Issues for automated deduction
The following basic observations provide the background to the comments:
- The satisfiability of a propositional formula is equivalent to the non-validity of its negation: this establishes a direct semantic link between satisfiability and validity.
- The fact that the satisfiability and validity can be determined by inspecting the truth table means that this determination is decidable i.e. it can be solved by an algorithm.
- If a propositional formula is in a particular form, deciding satisfiability or validity may be computationally efficient. For instance, you can check the validity of a formula in conjunctive normal form easily - it is sufficient that every disjunction clause contains a literal and its negation, so that the disjunction evaluates to true. In a dual fashion, you can check the satisfiability of a propositional formula in disjunctive normal form quite efficiently: you need only check that there is at least one conjunctive clause that doesn't contain a literal and its negation.
- From a computational perspective, the challenging situations concern determining the satisfiability of a propositional formula in conjunctive normal form or the validity of a formula in disjunctive normal form. Any given propositional formula can be transformed into all kinds of different CNF - examples include Horn clause CNF, 2-CNF and 3-CNF. Certain special variants of CNF enable satisfiablity to be decided efficiently, but in general deciding whether a propositional formula in CNF is satisfiable is NP-complete (hence most probably not soluble in polynomial time).
Because even the problem of deciding satisfiability of a formula in propositional logic is computationally complex, all approaches to automated deduction suffer from some limitations. Example issues - closely interconnected - include:
- Formulae may have to be transformed into a normal form. Checking the satisfiability in the normal form may be relatively simple, but the process of transformation will then be costly. For instance, every propositional formula is semantically equivalent to a Horn formula, but the transformation is computationally expensive.
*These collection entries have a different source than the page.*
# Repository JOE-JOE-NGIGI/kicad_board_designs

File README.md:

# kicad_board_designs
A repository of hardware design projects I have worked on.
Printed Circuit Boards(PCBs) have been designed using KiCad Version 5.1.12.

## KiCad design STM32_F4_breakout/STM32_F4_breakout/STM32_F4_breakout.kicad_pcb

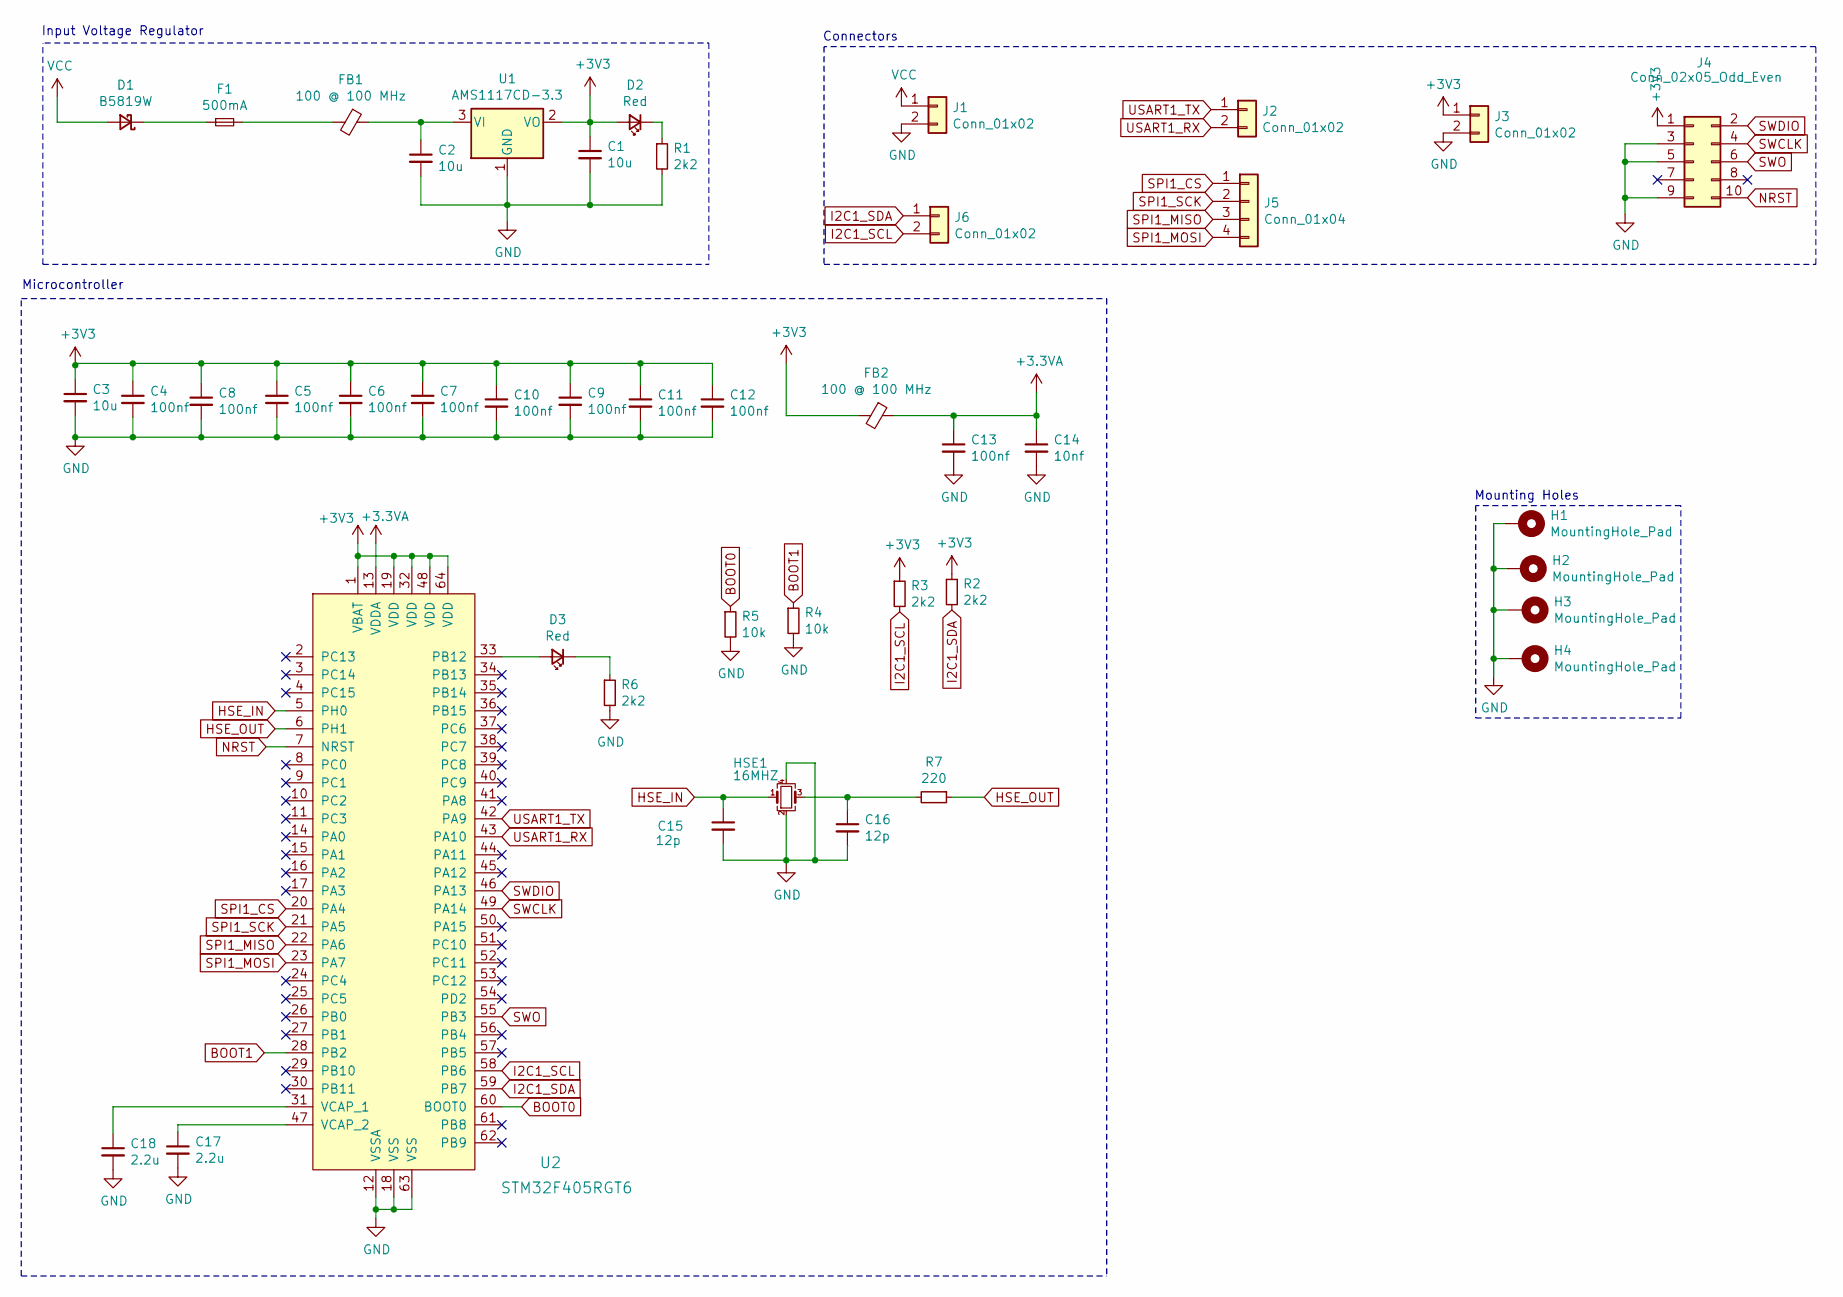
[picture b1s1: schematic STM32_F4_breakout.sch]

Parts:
C1, C2: 10u; C_0805_2012Metric
C3: 10u; C_0603_1608Metric
C4, C5, C6, C7, C8, C9, C10, C11, C12, C13: 100nf; C_0402_1005Metric
C14: 10nf; C_0402_1005Metric
C15, C16: 12p; C_0402_1005Metric
C17, C18: 2.2u; C_0603_1608Metric
D1: B5819W; D_SOD-123
D2, D3: Red; LED_0603_1608Metric
F1: 500mA; Fuse_0603_1608Metric
FB1, FB2: 100 @ 100 MHz; Fuse_0805_2012Metric
H1, H2, H3, H4: MountingHole_Pad; MountingHole_4.3mm_M4_Pad_Via
HSE1: 16MHZ; Crystal_SMD_3225-4Pin_3.2x2.5mm
J1, J2, J3, J6: Conn_01x02; PinHeader_1x02_P2.54mm_Vertical
J4: Conn_02x05_Odd_Even; PinHeader_2x05_P1.27mm_Vertical_SMD
J5: Conn_01x04; PinHeader_1x04_P2.54mm_Vertical
R1, R6: 2k2; R_0603_1608Metric
R2, R3: 2k2; R_0402_1005Metric
R4, R5: 10k; R_0402_1005Metric
R7: 220; R_0402_1005Metric
U1: AMS1117CD-3.3; TO-252-3_TabPin2
U2: STM32F405RGT6; LQFP-64_10x10mm; MPN STM32F405RGT6; Digi-Key_PN 497-11767-ND

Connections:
+3.3VA: C13.1, C14.1, FB2.1, U2.13 (VDDA)
+3V3: C1.1, C3.1, C4.1, C5.1, C6.1, C7.1, C8.1, C9.1, C10.1, C11.1, C12.1, D2.2 (A), FB2.2, J3.1, J4.1, R2.1, R3.1, U1.2 (VO), U2.1 (VBAT), U2.19 (VDD), U2.32 (VDD), U2.48 (VDD), U2.64 (VDD)
BOOT0: R5.1, U2.60 (BOOT0)
BOOT1: R4.1, U2.28 (PB2)
GND: C1.2, C2.2, C3.2, C4.2, C5.2, C6.2, C7.2, C8.2, C9.2, C10.2, C11.2, C12.2, C13.2, C14.2, C15.2, C16.2, C17.2, C18.2, H1.1, H2.1, H3.1, H4.1, HSE1.2, HSE1.4, J1.2, J3.2, J4.3, J4.5, J4.9, R1.2, R4.2, R5.2, R6.2, U1.1 (GND), U2.12 (VSSA), U2.18 (VSS), U2.63 (VSS)
HSE_IN: C15.1, HSE1.1, U2.5 (PH0)
HSE_OUT: R7.1, U2.6 (PH1)
I2C1_SCL: J6.2, R3.2, U2.58 (PB6)
I2C1_SDA: J6.1, R2.2, U2.59 (PB7)
NRST: J4.10, U2.7 (NRST)
unnamed: C2.1, FB1.1, U1.3 (VI)
unnamed: C16.1, HSE1.3, R7.2
unnamed: C17.1, U2.47 (VCAP_2)
unnamed: C18.1, U2.31 (VCAP_1)
unnamed: D1.1 (K), F1.1
unnamed: D2.1 (K), R1.1
unnamed: D3.1 (K), R6.1
unnamed: D3.2 (A), U2.33 (PB12)
unnamed: F1.2, FB1.2
SPI1_CS: J5.1, U2.20 (PA4)
SPI1_MISO: J5.3, U2.22 (PA6)
SPI1_MOSI: J5.4, U2.23 (PA7)
SPI1_SCK: J5.2, U2.21 (PA5)
SWCLK: J4.4, U2.49 (PA14)
SWDIO: J4.2, U2.46 (PA13)
SWO: J4.6, U2.55 (PB3)
USART1_RX: J2.2, U2.43 (PA10)
USART1_TX: J2.1, U2.42 (PA9)
VCC: D1.2 (A), J1.1

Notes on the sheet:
Input Voltage Regulator
Microcontroller
Connectors
Mounting Holes

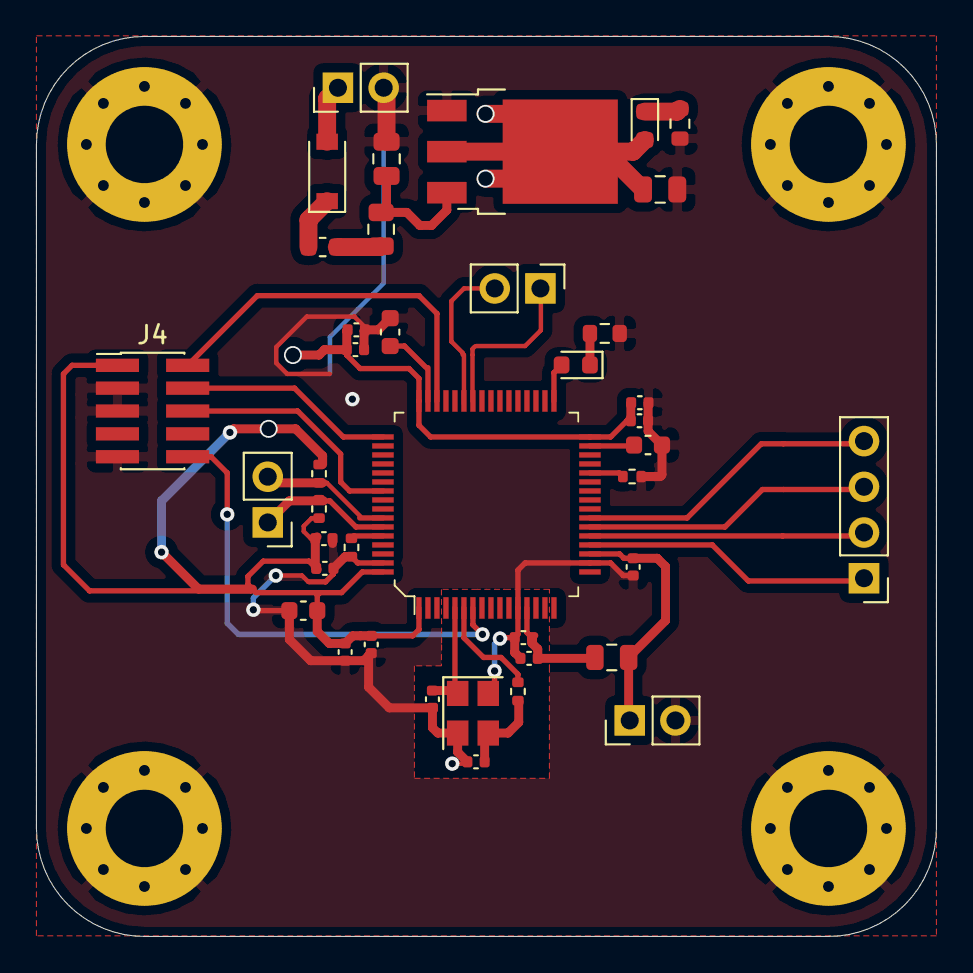
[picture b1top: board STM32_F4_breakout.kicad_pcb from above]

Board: 4 copper layers, 50.0 x 50.0 mm, 44 parts (0 on the bottom side), 29 nets.

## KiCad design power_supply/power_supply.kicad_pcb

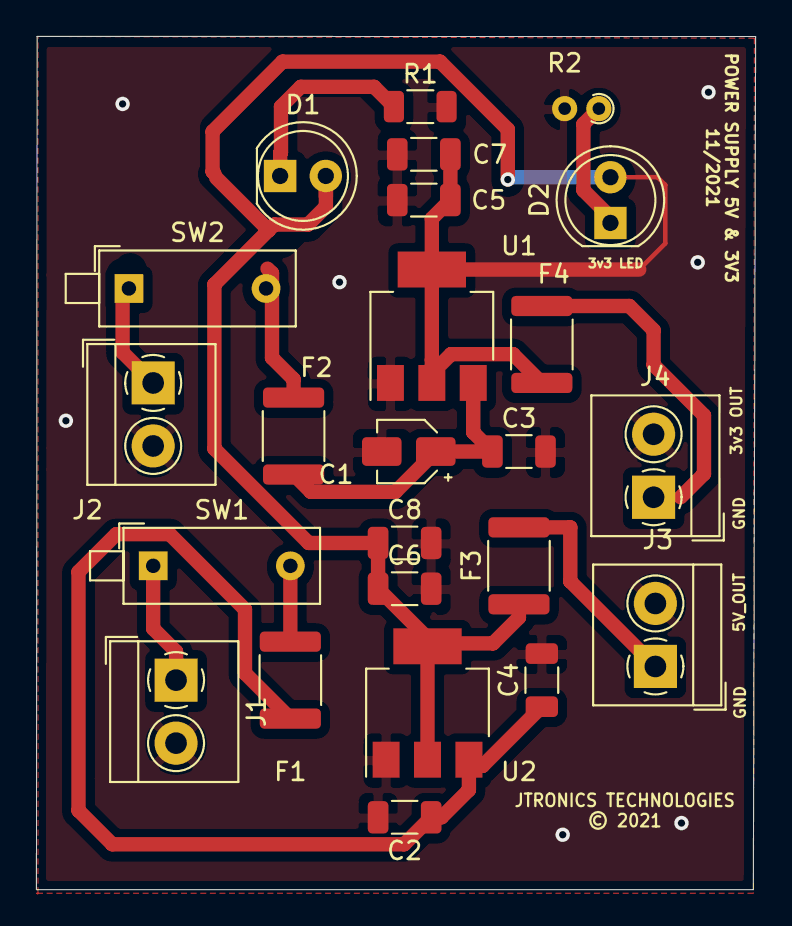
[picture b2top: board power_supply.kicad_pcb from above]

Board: 2 copper layers, 40.0 x 47.4 mm, 24 parts (0 on the bottom side), 12 nets.

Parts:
C1: 10u; CP_Elec_3x5.4
C2, C5, C6: 10u; C_1206_3216Metric
C3, C4: 100n; C_1206_3216Metric
C7, C8: 0.1u; C_1206_3216Metric
D1, D2: LED_Small; LED_D5.0mm
F1, F2, F3, F4: Fuse_Small; Fuse_1812_4532Metric
J1, J2, J3, J4: Conn_01x02; TerminalBlock_4Ucon_1x02_P3.50mm_Horizontal
R1: 1k; R_1206_3216Metric
R2: 1k; R_Axial_DIN0204_L3.6mm_D1.6mm_P1.90mm_Vertical
SW1, SW2: SW_DIP_x01; SW_DIP_SPSTx01_Piano_10.8x4.1mm_W7.62mm_P2.54mm
U1: LD1117S33TR_SOT223; SOT-223-3_TabPin2
U2: LD1117S50TR_SOT223; SOT-223-3_TabPin2

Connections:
+3V3: C5.1, C6.1, C7.1, C8.1, D1.2, D2.2, F3.1, F4.1, U1.2, U2.2
/3v3_out: F4.2, J4.1
/5V_out: F3.2, J3.1
GND: C1.2, C2.2, C3.2, C4.2, C5.2, C6.2, C7.2, C8.2, J1.2, J2.2, J3.2, J4.2, R1.2, R2.2, U1.1, U2.1
unnamed: C1.1, C3.1, F2.2, U1.3
unnamed: C2.1, C4.1, F1.2, U2.3
unnamed: D1.1, R1.1
unnamed: D2.1, R2.1
unnamed: F1.1, SW1.2
unnamed: F2.1, SW2.2
unnamed: J1.1, SW1.1
unnamed: J2.1, SW2.1

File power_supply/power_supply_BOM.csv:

"Id";"Designator";"Package";"Quantity";"Designation";"Supplier and ref";
1;"J2,J1,J3,J4";"TerminalBlock_4Ucon_1x02_P3.50mm_Horizontal";4;"Conn_01x02";;;
2;"C1";"CP_Elec_3x5.4";1;"10u";;;
3;"C2,C5,C6";"C_1206_3216Metric";3;"10u";;;
4;"C3,C4";"C_1206_3216Metric";2;"100n";;;
5;"C7,C8";"C_1206_3216Metric";2;"0.1u";;;
6;"D1,D2";"LED_D5.0mm";2;"LED_Small";;;
7;"F1,F2,F3,F4";"Fuse_1812_4532Metric";4;"Fuse_Small";;;
8;"R1";"R_1206_3216Metric";1;"1k";;;
9;"R2";"R_Axial_DIN0204_L3.6mm_D1.6mm_P1.90mm_Vertical";1;"1k";;;
10;"SW1,SW2";"SW_DIP_SPSTx01_Piano_10.8x4.1mm_W7.62mm_P2.54mm";2;"SW_DIP_x01";;;
11;"U1";"SOT-223-3_TabPin2";1;"LD1117S33TR_SOT223";;;
12;"U2";"SOT-223-3_TabPin2";1;"LD1117S50TR_SOT223";;;

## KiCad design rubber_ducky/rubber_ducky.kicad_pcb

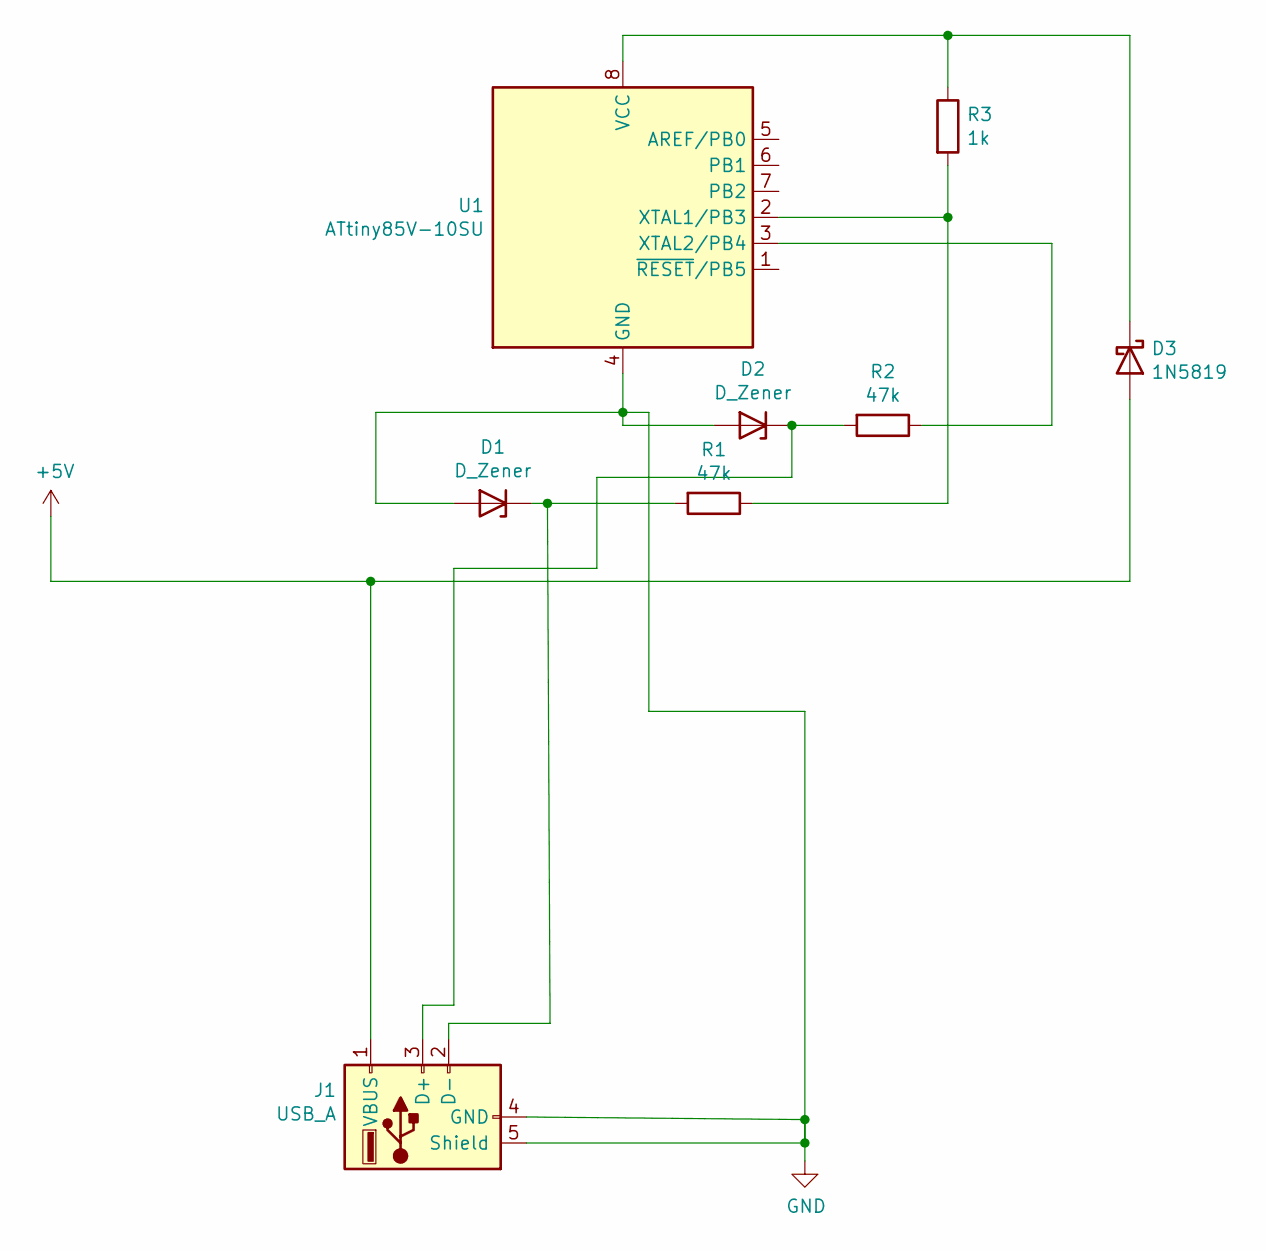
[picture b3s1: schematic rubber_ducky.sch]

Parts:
D1, D2: D_Zener; D_0805_2012Metric
D3: 1N5819; D_DO-41_SOD81_P10.16mm_Horizontal
J1: USB_A; USB3_A_Molex_48393-001
R1, R2: 47k; R_1206_3216Metric_Pad1.30x1.75mm_HandSolder
R3: 1k; R_1206_3216Metric_Pad1.30x1.75mm_HandSolder
U1: ATtiny85V-10SU; SOIJ-8_5.3x5.3mm_P1.27mm

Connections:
+5V: D3.2 (A), J1.1 (VBUS)
GND: D1.2 (A), D2.2 (A), J1.4 (GND), J1.5 (Shield), U1.4 (GND)
unnamed: D1.1 (K), J1.2 (D-), R1.2
unnamed: D2.1 (K), J1.3 (D+), R2.2
unnamed: D3.1 (K), R3.1, U1.8 (VCC)
unnamed: R1.1, R3.2, U1.2 (XTAL1/PB3)
unnamed: R2.1, U1.3 (XTAL2/PB4)

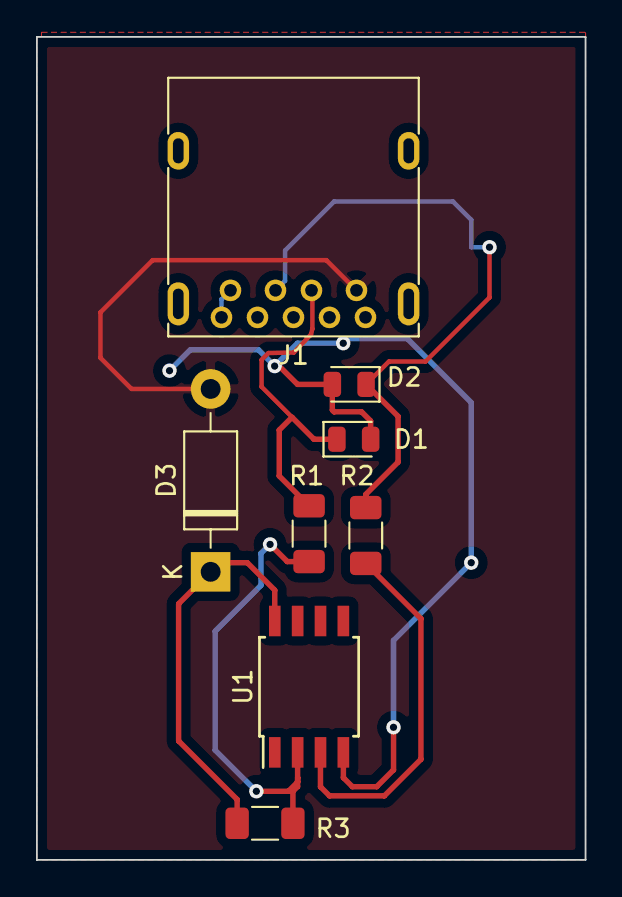
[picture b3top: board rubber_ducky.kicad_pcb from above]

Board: 2 copper layers, 30.5 x 45.7 mm, 8 parts (0 on the bottom side), 7 nets.

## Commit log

2021-12-06 add project files
2021-12-06 add images
2021-12-06 add chip footprint
2021-12-06 add README.md

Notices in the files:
power_supply/power_supply.kicad_pcb:
© 2021

- The satisfiability techniques may work efficiently for formulae of a particular form (e.g. expressed as a Horn formula, 2-CNF formula), but there are cases in which they fail. See the discussion of SAT solvers in Huth and Ryan section 1.6.
- The algorithms that have to be applied cease to be conceptually simple, as a mathematician or logician would ideally like them to be; pragmatic and ad hoc techniques have to be introduced to avoid problems such as infinite loops. This has been a significant issue for logic programming languages such as Prolog, where it proves necessary to introduce notions such as cuts to ensure that searches terminate, and this detracts from the logical integrity of the deductive process.
- The link between the informal semantics in the problem domain and the logical formulation of a problem for automated reasoning can be obscure, and the results of automated reasoning are difficult to interpret in terms that a human observer can understand. For instance, advanced computer chess programs can beat human chess players, but the techniques they use do not necessarily translate into human-uasable chess knowledge.